# INSTRUCTIONS TO FOLLOW
Find the line containing "GND: C101.1, C101.2, C102.1, C102.2;" in the records below. Copy exactly that line and each one after it, ending at the line containing "#define ADVERTISING_MOISTURE_ID 0x01", and nothing more.
====== EXTRACTED RECORDS
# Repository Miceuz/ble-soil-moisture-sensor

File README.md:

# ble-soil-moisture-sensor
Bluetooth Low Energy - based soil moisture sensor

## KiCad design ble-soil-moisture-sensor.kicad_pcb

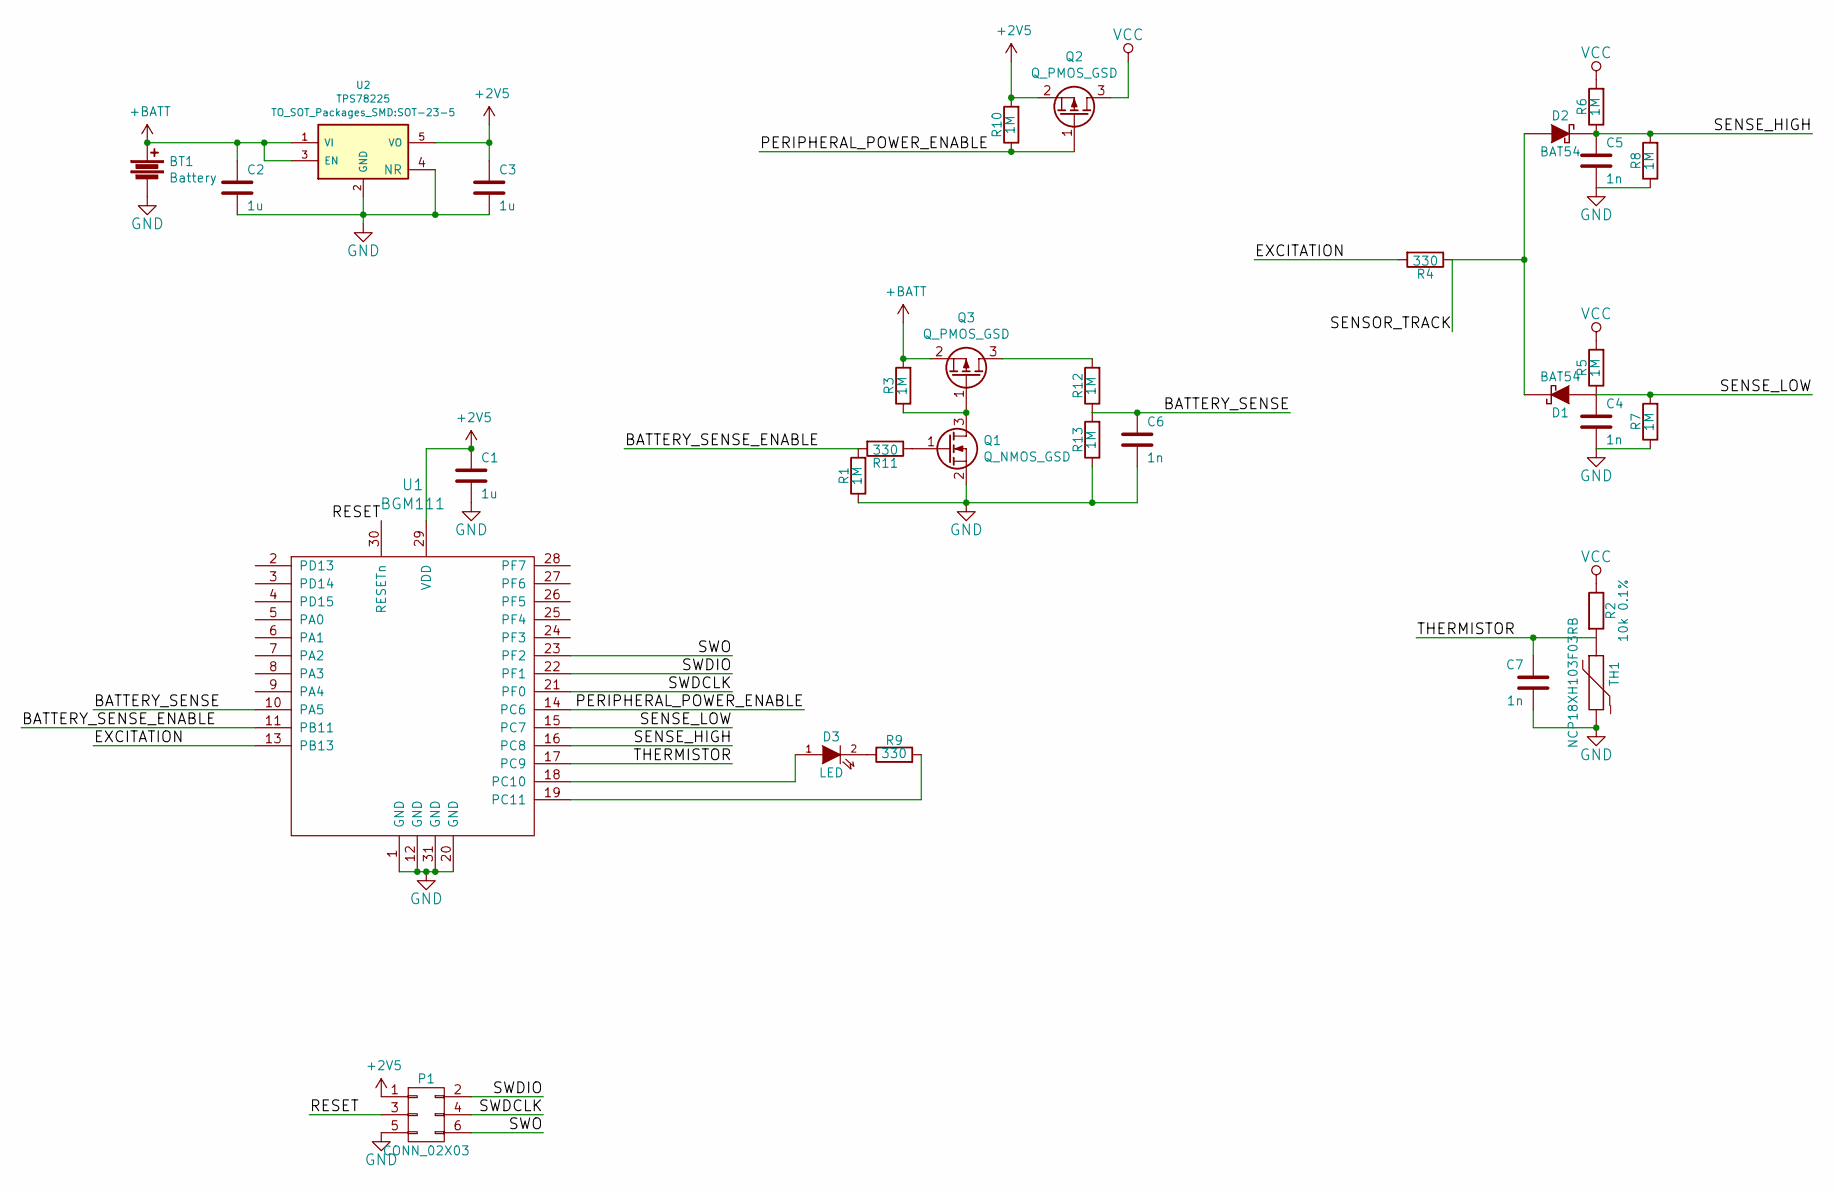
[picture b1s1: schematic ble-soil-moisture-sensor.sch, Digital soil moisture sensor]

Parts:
BT1: Battery; BAT-HLD-001; PartNo ?
C1, C2, C3: 1u; C_0603; PartNo MC0603X105K100CT
C4, C5, C6, C7: 1n; C_0603; PartNo MC0603B102K500CT
D1, D2: BAT54; SOD-523; PartNo BAT54XV2
D3: LED; LED-0603; PartNo KP-1608SURCK
P1: CONN_02X03; Pin_Header_Straight_2x03
Q1: Q_NMOS_GSD; SOT-23_Handsoldering; PartNo ?
Q2, Q3: Q_PMOS_GSD; SOT-23_Handsoldering; PartNo ?
R1, R3, R5, R6, R7, R8, R10, R12, R13: 1M; R_0603; PartNo MCWR06X1004FTL
R2: 10k 0.1%; R_0603; PartNo ERJ3RBD1002V
R4, R9, R11: 330; R_0603; PartNo MCWR06X3300FTL
TH1: NCP18XH103F03RB; R_0603; PartNo NCP18XH103F03RB
U1: BGM111; PartNo ?
U2: TPS78225; SOT-23-5; PartNo TPS78225DDCT

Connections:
+2V5: C1.1, C3.1, P1.1, Q2.2 (S), R10.2, U1.29 (VDD), U2.5 (VO)
+BATT: BT1.1, C2.1, Q3.2 (S), R3.2, U2.1 (VI), U2.3 (EN)
/BATTERY_SENSE: C6.1, R12.1, R13.2, U1.10 (PA5)
/BATTERY_SENSE_ENABLE: R1.2, R11.2, U1.11 (PB11)
/EXCITATION: R4.2, U1.13 (PB13)
/PERIPHERAL_POWER_ENABLE: Q2.1 (G), R10.1, U1.14 (PC6)
/RESET: P1.3, U1.30 (RESETn)
/SENSE_HIGH: C5.1, D2.2 (K), R6.1, R8.2, U1.16 (PC8)
/SENSE_LOW: C4.1, D1.1 (A), R5.1, R7.2, U1.15 (PC7)
/SENSOR_TRACK: D1.2 (K), D2.1 (A), R4.1
/SWDCLK: P1.4, U1.21 (PF0)
/SWDIO: P1.2, U1.22 (PF1)
/SWO: P1.6, U1.23 (PF2)
/THERMISTOR: C7.1, R2.2, TH1.1, U1.17 (PC9)
GND: BT1.2, C1.2, C2.2, C3.2, C4.2, C5.2, C6.2, C7.2, P1.5, Q1.2 (S), R1.1, R7.1, R8.1, R13.1, TH1.2, U1.1 (GND), U1.12 (GND), U1.20 (GND), U1.31 (GND), U2.2 (GND), U2.4 (NR); also elsewhere on the board
unnamed: D3.1 (A), U1.18 (PC10)
unnamed: D3.2 (K), R9.1
unnamed: Q1.1 (G), R11.1
unnamed: Q1.3 (D), Q3.1 (G), R3.1
unnamed: Q3.3 (D), R12.2
unnamed: R9.2, U1.19 (PC11)
VCC: Q2.3 (D), R2.1, R5.2, R6.2

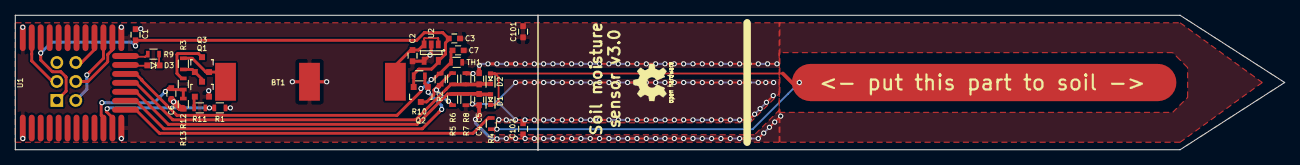
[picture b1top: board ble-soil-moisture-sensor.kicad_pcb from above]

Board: 2 copper layers, 170.0 x 18.0 mm, 33 parts (1 on the bottom side), 22 nets.

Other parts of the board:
C101, C102: C_0603

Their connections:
GND: C101.1, C101.2, C102.1, C102.2; also elsewhere on the board

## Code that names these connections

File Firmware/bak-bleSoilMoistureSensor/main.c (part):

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


#define BATTERY_SENSE_ENABLE BATTERY_SENSE_ENABLE_PORT, BATTERY_SENSE_ENABLE_PIN
#define PERIPHERAL_POWER_ENABLE PERIPHERAL_POWER_ENABLE_PORT, PERIPHERAL_POWER_ENABLE_PIN
#define EXCITATION EXCITATION_PORT, EXCITATION_PIN
#define LED_CATHODE LED_CATHODE_PORT, LED_CATHODE_PIN
#define LED_ANODE LED_ANODE_PORT, LED_ANODE_PIN

#define ADC_CHANNEL_BATTERY adcPosSelAPORT4XCH13      /*PA5*/
#define ADC_CHANNEL_MOISTURE_HIGH adcPosSelAPORT2XCH7 /*PC7*/
#define ADC_CHANNEL_MOISTURE_LOW adcPosSelAPORT1XCH8  /*PC8*/
#define ADC_CHANNEL_TEMPERATURE adcPosSelAPORT2XCH9   /*PC9*/

#define ADVERTISING_MOISTURE_ID 0x01
#define ADVERTISING_TEMPERATURE_ID 0x02
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volatile uint16 batteryVoltage = 0;

inline static void batterySenseOn() {
	GPIO_PinOutSet(BATTERY_SENSE_ENABLE);
}

inline static void batterySenseOff() {
	GPIO_PinOutClear(BATTERY_SENSE_ENABLE);
}

void lightSleepForTicks(uint32 ticks) {
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}

inline static void sensingPowerOn() {
	GPIO_PinOutClear(PERIPHERAL_POWER_ENABLE);
}

inline static void sensingPowerOff() {
	GPIO_PinOutSet(PERIPHERAL_POWER_ENABLE);
}

inline static void capSensExcitationStart() {
	GPIO_PinModeSet(EXCITATION, gpioModePushPull, 0);
	TIMER_TopSet(TIMER0, 0);
	TIMER_CompareSet(TIMER0, 0, 0);
	TIMER_Enable(TIMER0, true);
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
inline static void capSensExcitationStop() {
	TIMER_Enable(TIMER0, false);
	GPIO_PinOutClear(EXCITATION);
	GPIO_PinModeSet(EXCITATION, gpioModeDisabled, 0);
}

uint32 measureMoisture() {
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
	GPIO_PinModeSet(gpioPortC, 10, gpioModePushPull, 0);

	/* Pin PC11 is configured to Push-pull */
	GPIO_PinModeSet(gpioPortC, 11, gpioModePushPull, 0);

	GPIO_PinOutClear(LED_CATHODE);
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
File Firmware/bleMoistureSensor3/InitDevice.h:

//=========================================================
// inc/InitDevice.h: generated by Hardware Configurator
//
// This file will be regenerated when saving a document.
// leave the sections inside the "$[...]" comment tags alone
// or they will be overwritten!
//=========================================================
#ifndef __INIT_DEVICE_H__
#define __INIT_DEVICE_H__

// USER CONSTANTS
// USER PROTOTYPES

// $[Mode Transition Prototypes]
extern void enter_DefaultMode_from_RESET(void);
// [Mode Transition Prototypes]$

// $[Config(Per-Module Mode)Transition Prototypes]
extern void EMU_enter_DefaultMode_from_RESET(void);
extern void LFXO_enter_DefaultMode_from_RESET(void);
extern void CMU_enter_DefaultMode_from_RESET(void);
extern void ADC0_enter_DefaultMode_from_RESET(void);
extern void ACMP0_enter_DefaultMode_from_RESET(void);
extern void ACMP1_enter_DefaultMode_from_RESET(void);
extern void IDAC0_enter_DefaultMode_from_RESET(void);
extern void RTCC_enter_DefaultMode_from_RESET(void);
extern void USART0_enter_DefaultMode_from_RESET(void);
extern void USART1_enter_DefaultMode_from_RESET(void);
extern void LEUART0_enter_DefaultMode_from_RESET(void);
extern void WDOG0_enter_DefaultMode_from_RESET(void);
extern void I2C0_enter_DefaultMode_from_RESET(void);
extern void GPCRC_enter_DefaultMode_from_RESET(void);
extern void LDMA_enter_DefaultMode_from_RESET(void);
extern void TIMER0_enter_DefaultMode_from_RESET(void);
extern void TIMER1_enter_DefaultMode_from_RESET(void);
extern void LETIMER0_enter_DefaultMode_from_RESET(void);
extern void CRYOTIMER_enter_DefaultMode_from_RESET(void);
extern void PCNT0_enter_DefaultMode_from_RESET(void);
extern void PRS_enter_DefaultMode_from_RESET(void);
extern void PORTIO_enter_DefaultMode_from_RESET(void);
// [Config(Per-Module Mode)Transition Prototypes]$

// $[User-defined pin name abstraction]

#define BATTERY_SENSE_ENABLE_PIN            (11)
#define BATTERY_SENSE_ENABLE_PORT           (gpioPortB)

#define BATTERY_SENSE_PIN                   (5)
#define BATTERY_SENSE_PORT                  (gpioPortA)

#define EXCITATION_PIN                      (13)
#define EXCITATION_PORT                     (gpioPortB)

#define LED_ANODE_PIN                       (10)
#define LED_ANODE_PORT                      (gpioPortC)

#define LED_CATHODE_PIN                     (11)
#define LED_CATHODE_PORT                    (gpioPortC)

#define PERIPHERAL_POWER_ENABLE_PIN         (6)
#define PERIPHERAL_POWER_ENABLE_PORT        (gpioPortC)

#define SENSE_HIGH_PIN                      (7)
#define SENSE_HIGH_PORT                     (gpioPortC)

#define SENSE_LOW_PIN                       (8)
#define SENSE_LOW_PORT                      (gpioPortC)

#define THERMISTOR_PIN                      (9)
#define THERMISTOR_PORT                     (gpioPortC)

// [User-defined pin name abstraction]$

#endif

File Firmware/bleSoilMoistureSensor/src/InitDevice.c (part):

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
	// $[Port B Configuration]

	/* Pin PB11 is configured to Push-pull */
	GPIO_PinModeSet(gpioPortB, 11, gpioModePushPull, 0);

	/* Pin PB13 is configured to Push-pull */
	GPIO_PinModeSet(gpioPortB, 13, gpioModePushPull, 0);
	// [Port B Configuration]$

	// $[Port C Configuration]

	/* Pin PC6 is configured to Push-pull */
	GPIO_PinModeSet(gpioPortC, 6, gpioModePushPull, 0);

	/* Pin PC10 is configured to Push-pull */
	GPIO_PinModeSet(gpioPortC, 10, gpioModePushPull, 0);

	/* Pin PC11 is configured to Push-pull */
	GPIO_PinModeSet(gpioPortC, 11, gpioModePushPull, 0);
	// [Port C Configuration]$

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
	// $[Port F Configuration]

	/* Pin PF2 is configured to Push-pull */
	GPIO_PinModeSet(gpioPortF, 2, gpioModePushPull, 0);
	// [Port F Configuration]$

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
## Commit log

2016-11-11 Initial
2017-12-25 Add some fogotten schematics and pcb changes. Add BOM and firmware
2018-03-28 Update the firmware to new SDK, make it updateable over OTA

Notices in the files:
Firmware/bleSoilMoistureSensor/src/InitDevice.c:
Set up CC0
$[TIMER0 CC0 init]
$[TIMER1 CC0 init]
============
# ANSWER FOR THIS EXERCISE
GND: C101.1, C101.2, C102.1, C102.2; also elsewhere on the board

## Code that names these connections

File Firmware/bak-bleSoilMoistureSensor/main.c (part):




#define BATTERY_SENSE_ENABLE BATTERY_SENSE_ENABLE_PORT, BATTERY_SENSE_ENABLE_PIN
#define PERIPHERAL_POWER_ENABLE PERIPHERAL_POWER_ENABLE_PORT, PERIPHERAL_POWER_ENABLE_PIN
#define EXCITATION EXCITATION_PORT, EXCITATION_PIN
#define LED_CATHODE LED_CATHODE_PORT, LED_CATHODE_PIN
#define LED_ANODE LED_ANODE_PORT, LED_ANODE_PIN

#define ADC_CHANNEL_BATTERY adcPosSelAPORT4XCH13      /*PA5*/
#define ADC_CHANNEL_MOISTURE_HIGH adcPosSelAPORT2XCH7 /*PC7*/
#define ADC_CHANNEL_MOISTURE_LOW adcPosSelAPORT1XCH8  /*PC8*/
#define ADC_CHANNEL_TEMPERATURE adcPosSelAPORT2XCH9   /*PC9*/

#define ADVERTISING_MOISTURE_ID 0x01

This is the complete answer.